- EXERCISE AIM
Set down, character for character, everything in the records below from the line holding "#218=CARTESIAN_POINT('',(0.,2.1875,-40.));" down to the line holding "#235=CLOSED_SHELL('',(#114,#134,#154,#234));", and no other line.

- INFORMATION SUPPLIED
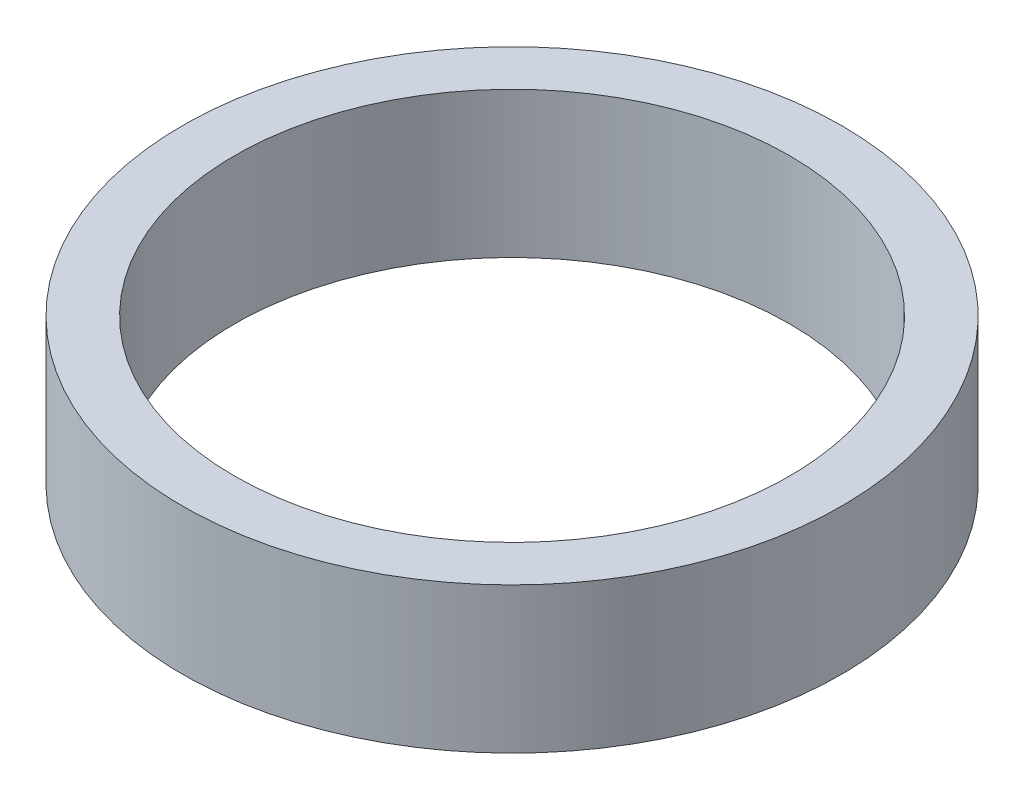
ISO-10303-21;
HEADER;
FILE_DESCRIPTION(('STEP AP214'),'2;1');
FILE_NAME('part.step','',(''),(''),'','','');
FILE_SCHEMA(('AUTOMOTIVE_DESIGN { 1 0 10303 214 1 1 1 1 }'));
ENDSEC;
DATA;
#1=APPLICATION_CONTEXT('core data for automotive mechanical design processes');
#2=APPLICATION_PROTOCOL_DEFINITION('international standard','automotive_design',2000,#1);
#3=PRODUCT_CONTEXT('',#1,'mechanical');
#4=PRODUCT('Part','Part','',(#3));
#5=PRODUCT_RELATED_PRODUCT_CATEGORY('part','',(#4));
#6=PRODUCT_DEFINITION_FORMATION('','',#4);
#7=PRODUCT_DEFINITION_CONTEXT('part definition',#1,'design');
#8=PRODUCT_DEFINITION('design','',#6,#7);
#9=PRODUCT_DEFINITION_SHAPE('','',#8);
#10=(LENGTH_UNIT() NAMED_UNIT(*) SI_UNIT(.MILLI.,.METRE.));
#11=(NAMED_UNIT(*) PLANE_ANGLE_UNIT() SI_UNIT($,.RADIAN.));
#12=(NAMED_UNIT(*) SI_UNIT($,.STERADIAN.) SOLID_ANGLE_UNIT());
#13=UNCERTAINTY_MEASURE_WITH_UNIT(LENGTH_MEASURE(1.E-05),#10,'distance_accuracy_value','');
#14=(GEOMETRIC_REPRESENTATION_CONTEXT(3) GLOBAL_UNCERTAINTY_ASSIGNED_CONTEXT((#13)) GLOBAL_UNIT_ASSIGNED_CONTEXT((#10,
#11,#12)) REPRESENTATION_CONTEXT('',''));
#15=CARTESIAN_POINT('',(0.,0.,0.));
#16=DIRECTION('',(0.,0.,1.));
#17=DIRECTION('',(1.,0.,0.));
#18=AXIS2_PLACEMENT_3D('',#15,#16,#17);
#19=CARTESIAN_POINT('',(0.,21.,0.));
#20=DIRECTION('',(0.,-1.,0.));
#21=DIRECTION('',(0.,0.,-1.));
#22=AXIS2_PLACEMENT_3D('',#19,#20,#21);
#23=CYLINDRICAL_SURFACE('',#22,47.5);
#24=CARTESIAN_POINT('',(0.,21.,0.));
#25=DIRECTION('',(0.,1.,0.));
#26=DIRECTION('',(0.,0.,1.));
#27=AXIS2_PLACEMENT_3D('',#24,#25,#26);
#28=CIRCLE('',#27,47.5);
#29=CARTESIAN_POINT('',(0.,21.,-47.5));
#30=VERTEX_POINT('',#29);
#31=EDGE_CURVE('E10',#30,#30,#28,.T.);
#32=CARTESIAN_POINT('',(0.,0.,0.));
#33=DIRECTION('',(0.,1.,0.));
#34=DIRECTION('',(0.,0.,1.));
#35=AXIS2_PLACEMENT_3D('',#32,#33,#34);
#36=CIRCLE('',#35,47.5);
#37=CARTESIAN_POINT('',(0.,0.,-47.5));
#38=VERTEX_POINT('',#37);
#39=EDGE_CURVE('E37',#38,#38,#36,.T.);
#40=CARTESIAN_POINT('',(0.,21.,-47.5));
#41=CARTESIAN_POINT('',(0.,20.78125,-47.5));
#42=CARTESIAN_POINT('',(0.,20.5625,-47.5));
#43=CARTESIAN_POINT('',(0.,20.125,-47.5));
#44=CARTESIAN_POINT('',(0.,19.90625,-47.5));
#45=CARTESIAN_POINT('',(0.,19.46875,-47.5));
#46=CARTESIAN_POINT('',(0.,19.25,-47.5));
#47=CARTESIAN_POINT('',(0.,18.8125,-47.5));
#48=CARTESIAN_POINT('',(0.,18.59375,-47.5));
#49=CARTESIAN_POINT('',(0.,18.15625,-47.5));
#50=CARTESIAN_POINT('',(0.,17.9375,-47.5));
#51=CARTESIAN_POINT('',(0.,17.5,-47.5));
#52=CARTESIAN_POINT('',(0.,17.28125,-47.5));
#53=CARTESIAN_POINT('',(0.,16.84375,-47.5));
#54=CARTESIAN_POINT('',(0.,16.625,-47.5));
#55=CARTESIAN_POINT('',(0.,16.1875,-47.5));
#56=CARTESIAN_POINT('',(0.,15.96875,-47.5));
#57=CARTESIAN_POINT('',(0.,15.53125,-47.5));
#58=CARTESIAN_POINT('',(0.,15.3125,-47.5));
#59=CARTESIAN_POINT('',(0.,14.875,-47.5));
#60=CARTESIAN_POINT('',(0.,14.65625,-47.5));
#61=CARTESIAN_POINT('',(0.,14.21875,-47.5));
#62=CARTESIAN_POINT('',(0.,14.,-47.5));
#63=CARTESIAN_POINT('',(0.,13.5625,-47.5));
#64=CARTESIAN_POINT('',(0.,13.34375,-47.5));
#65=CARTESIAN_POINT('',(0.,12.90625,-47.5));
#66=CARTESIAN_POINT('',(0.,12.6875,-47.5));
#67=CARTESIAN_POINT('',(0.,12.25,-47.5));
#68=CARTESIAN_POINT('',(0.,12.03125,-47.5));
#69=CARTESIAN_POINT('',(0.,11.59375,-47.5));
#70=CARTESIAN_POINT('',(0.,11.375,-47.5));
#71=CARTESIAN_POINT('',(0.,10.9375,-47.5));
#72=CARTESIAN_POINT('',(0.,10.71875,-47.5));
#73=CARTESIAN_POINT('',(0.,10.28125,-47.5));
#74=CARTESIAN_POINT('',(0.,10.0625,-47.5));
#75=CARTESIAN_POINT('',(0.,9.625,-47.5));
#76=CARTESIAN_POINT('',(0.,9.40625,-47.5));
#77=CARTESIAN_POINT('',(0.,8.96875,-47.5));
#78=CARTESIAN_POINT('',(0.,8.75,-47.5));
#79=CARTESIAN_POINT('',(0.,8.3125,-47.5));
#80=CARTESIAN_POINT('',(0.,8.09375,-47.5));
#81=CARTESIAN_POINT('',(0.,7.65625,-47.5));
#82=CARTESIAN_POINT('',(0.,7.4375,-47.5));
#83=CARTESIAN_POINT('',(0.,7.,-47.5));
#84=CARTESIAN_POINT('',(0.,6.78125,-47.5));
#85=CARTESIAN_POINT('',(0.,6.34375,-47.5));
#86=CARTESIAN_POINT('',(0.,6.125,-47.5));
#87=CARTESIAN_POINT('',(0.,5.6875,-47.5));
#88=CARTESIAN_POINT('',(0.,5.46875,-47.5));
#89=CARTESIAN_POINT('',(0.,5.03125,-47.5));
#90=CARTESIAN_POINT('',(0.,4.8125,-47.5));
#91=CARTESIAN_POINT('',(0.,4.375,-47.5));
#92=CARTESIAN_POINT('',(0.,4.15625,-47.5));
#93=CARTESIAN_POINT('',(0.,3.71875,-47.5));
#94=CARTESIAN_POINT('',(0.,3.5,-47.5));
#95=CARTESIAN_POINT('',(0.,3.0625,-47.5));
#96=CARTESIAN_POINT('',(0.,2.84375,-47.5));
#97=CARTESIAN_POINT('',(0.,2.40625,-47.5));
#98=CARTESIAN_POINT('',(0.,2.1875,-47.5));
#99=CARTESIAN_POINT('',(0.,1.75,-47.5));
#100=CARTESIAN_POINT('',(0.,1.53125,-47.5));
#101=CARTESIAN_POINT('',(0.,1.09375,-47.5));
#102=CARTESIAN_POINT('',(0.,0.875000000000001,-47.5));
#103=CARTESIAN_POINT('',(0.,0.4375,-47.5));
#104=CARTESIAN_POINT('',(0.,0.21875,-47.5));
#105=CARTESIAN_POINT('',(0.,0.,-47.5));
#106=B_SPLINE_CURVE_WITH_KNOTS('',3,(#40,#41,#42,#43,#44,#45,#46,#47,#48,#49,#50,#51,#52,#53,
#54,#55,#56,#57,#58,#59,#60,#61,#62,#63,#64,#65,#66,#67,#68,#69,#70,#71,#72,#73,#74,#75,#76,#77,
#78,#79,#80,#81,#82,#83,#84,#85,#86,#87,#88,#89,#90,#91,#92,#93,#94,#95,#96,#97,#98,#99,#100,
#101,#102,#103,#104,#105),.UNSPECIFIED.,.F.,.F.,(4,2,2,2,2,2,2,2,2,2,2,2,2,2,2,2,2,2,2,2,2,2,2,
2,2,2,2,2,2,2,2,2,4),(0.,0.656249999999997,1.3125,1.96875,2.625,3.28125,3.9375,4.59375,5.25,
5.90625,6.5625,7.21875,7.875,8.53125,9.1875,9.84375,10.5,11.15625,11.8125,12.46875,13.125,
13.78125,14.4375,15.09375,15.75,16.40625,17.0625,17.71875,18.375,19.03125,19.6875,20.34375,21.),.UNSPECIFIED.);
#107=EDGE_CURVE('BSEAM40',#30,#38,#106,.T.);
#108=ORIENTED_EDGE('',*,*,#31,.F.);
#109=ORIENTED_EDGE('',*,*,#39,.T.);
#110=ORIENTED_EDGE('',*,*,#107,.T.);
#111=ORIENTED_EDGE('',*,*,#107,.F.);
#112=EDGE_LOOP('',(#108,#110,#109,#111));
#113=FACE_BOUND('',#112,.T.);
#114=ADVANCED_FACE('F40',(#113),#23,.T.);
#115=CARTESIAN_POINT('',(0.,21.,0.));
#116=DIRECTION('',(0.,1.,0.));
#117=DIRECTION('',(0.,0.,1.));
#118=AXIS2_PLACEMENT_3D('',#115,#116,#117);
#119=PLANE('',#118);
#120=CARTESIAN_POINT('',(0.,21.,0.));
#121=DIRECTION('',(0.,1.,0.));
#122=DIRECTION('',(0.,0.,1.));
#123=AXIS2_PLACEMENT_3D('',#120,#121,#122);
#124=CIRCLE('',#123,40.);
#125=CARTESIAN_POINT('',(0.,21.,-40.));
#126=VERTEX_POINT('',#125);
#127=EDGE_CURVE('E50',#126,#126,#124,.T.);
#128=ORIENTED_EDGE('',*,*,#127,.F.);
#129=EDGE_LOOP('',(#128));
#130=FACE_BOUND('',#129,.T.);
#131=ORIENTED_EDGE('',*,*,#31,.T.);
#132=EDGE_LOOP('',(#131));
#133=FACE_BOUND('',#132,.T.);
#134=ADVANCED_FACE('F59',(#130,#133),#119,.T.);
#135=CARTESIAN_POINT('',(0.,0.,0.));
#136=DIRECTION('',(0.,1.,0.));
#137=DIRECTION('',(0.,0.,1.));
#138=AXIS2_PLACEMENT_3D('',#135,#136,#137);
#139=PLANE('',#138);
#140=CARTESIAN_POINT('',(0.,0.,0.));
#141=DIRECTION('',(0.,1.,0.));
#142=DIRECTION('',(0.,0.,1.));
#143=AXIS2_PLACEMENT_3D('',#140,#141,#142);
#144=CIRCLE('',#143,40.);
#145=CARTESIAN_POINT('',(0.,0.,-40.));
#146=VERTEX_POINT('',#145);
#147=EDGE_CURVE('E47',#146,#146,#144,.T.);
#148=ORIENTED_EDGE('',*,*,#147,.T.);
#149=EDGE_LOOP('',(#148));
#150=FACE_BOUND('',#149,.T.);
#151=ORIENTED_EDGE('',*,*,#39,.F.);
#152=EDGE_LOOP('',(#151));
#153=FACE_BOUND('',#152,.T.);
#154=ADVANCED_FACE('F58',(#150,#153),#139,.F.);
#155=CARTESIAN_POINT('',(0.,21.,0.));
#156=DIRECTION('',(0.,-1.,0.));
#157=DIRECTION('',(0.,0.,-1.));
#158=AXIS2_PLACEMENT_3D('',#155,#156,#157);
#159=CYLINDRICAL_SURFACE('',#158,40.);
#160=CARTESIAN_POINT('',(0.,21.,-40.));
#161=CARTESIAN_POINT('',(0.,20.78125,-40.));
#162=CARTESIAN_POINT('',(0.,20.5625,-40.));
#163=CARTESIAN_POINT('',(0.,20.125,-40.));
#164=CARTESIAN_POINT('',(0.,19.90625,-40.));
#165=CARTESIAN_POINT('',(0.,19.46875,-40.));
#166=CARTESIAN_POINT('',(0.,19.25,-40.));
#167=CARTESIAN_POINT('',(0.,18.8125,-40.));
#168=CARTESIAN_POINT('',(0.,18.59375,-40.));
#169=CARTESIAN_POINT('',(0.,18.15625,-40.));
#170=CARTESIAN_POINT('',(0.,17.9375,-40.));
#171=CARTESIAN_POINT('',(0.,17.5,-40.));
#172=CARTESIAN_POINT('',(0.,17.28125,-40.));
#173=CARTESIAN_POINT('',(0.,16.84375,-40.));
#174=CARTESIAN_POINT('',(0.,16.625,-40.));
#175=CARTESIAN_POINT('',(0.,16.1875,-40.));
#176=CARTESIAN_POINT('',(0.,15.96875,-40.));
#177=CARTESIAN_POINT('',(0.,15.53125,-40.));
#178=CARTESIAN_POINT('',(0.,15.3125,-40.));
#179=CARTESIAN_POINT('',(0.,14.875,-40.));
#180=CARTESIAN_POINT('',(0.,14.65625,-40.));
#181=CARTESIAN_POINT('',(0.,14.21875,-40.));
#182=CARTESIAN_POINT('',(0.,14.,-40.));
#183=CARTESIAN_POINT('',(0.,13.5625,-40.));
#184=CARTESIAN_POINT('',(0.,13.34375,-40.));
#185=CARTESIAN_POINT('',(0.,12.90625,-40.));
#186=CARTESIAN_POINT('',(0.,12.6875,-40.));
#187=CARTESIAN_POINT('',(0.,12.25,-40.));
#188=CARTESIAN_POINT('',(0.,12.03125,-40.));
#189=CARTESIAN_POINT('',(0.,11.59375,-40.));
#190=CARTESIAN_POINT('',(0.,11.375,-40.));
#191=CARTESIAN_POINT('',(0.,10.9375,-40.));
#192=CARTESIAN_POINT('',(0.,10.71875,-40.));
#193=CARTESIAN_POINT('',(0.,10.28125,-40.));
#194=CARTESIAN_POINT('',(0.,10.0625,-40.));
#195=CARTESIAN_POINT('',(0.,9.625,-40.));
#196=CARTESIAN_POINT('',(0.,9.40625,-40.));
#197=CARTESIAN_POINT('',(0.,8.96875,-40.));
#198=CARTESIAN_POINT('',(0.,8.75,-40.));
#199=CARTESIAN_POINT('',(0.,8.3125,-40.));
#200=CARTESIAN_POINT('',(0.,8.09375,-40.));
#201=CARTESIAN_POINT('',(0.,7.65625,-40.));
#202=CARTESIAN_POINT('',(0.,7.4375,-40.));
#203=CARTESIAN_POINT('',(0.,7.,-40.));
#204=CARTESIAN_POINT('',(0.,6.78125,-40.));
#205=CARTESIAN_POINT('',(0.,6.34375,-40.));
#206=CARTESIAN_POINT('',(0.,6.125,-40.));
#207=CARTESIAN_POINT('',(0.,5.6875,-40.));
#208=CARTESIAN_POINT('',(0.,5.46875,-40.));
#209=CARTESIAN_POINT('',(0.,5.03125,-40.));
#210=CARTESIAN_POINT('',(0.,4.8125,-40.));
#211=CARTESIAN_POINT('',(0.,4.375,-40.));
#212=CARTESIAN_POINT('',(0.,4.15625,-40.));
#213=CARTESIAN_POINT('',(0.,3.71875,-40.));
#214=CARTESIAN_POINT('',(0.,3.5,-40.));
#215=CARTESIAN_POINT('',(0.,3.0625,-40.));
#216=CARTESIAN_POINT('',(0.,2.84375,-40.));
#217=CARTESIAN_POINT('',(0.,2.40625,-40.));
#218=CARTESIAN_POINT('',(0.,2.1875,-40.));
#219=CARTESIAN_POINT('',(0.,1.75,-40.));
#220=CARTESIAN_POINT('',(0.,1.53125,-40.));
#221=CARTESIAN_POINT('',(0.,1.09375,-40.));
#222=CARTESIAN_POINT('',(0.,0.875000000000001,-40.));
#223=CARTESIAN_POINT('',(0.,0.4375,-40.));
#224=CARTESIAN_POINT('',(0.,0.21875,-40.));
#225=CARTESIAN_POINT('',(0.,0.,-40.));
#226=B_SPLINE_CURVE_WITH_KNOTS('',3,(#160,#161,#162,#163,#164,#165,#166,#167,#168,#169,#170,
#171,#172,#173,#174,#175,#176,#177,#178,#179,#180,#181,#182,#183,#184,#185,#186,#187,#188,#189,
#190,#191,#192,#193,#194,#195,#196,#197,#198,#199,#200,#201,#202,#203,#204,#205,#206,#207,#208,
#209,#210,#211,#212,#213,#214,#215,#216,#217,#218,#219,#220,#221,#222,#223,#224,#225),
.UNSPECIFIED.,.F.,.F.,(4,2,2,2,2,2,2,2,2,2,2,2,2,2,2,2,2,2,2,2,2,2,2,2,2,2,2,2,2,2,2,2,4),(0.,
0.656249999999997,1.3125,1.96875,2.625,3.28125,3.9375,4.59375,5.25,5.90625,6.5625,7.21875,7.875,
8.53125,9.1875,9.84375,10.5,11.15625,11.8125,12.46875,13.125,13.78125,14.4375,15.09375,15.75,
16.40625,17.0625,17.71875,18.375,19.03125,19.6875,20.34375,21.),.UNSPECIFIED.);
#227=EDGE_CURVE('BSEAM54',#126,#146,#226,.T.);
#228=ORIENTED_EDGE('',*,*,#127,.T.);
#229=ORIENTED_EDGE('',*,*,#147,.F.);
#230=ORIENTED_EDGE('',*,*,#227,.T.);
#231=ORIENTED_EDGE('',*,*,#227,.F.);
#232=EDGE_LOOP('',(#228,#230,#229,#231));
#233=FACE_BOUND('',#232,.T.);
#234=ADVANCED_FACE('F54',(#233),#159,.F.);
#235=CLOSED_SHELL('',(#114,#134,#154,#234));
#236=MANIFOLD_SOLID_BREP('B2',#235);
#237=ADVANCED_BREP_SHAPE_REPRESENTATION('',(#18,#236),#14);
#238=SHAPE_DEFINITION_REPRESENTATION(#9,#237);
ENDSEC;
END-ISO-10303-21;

- RESULT
#218=CARTESIAN_POINT('',(0.,2.1875,-40.));
#219=CARTESIAN_POINT('',(0.,1.75,-40.));
#220=CARTESIAN_POINT('',(0.,1.53125,-40.));
#221=CARTESIAN_POINT('',(0.,1.09375,-40.));
#222=CARTESIAN_POINT('',(0.,0.875000000000001,-40.));
#223=CARTESIAN_POINT('',(0.,0.4375,-40.));
#224=CARTESIAN_POINT('',(0.,0.21875,-40.));
#225=CARTESIAN_POINT('',(0.,0.,-40.));
#226=B_SPLINE_CURVE_WITH_KNOTS('',3,(#160,#161,#162,#163,#164,#165,#166,#167,#168,#169,#170,
#171,#172,#173,#174,#175,#176,#177,#178,#179,#180,#181,#182,#183,#184,#185,#186,#187,#188,#189,
#190,#191,#192,#193,#194,#195,#196,#197,#198,#199,#200,#201,#202,#203,#204,#205,#206,#207,#208,
#209,#210,#211,#212,#213,#214,#215,#216,#217,#218,#219,#220,#221,#222,#223,#224,#225),
.UNSPECIFIED.,.F.,.F.,(4,2,2,2,2,2,2,2,2,2,2,2,2,2,2,2,2,2,2,2,2,2,2,2,2,2,2,2,2,2,2,2,4),(0.,
0.656249999999997,1.3125,1.96875,2.625,3.28125,3.9375,4.59375,5.25,5.90625,6.5625,7.21875,7.875,
8.53125,9.1875,9.84375,10.5,11.15625,11.8125,12.46875,13.125,13.78125,14.4375,15.09375,15.75,
16.40625,17.0625,17.71875,18.375,19.03125,19.6875,20.34375,21.),.UNSPECIFIED.);
#227=EDGE_CURVE('BSEAM54',#126,#146,#226,.T.);
#228=ORIENTED_EDGE('',*,*,#127,.T.);
#229=ORIENTED_EDGE('',*,*,#147,.F.);
#230=ORIENTED_EDGE('',*,*,#227,.T.);
#231=ORIENTED_EDGE('',*,*,#227,.F.);
#232=EDGE_LOOP('',(#228,#230,#229,#231));
#233=FACE_BOUND('',#232,.T.);
#234=ADVANCED_FACE('F54',(#233),#159,.F.);
#235=CLOSED_SHELL('',(#114,#134,#154,#234));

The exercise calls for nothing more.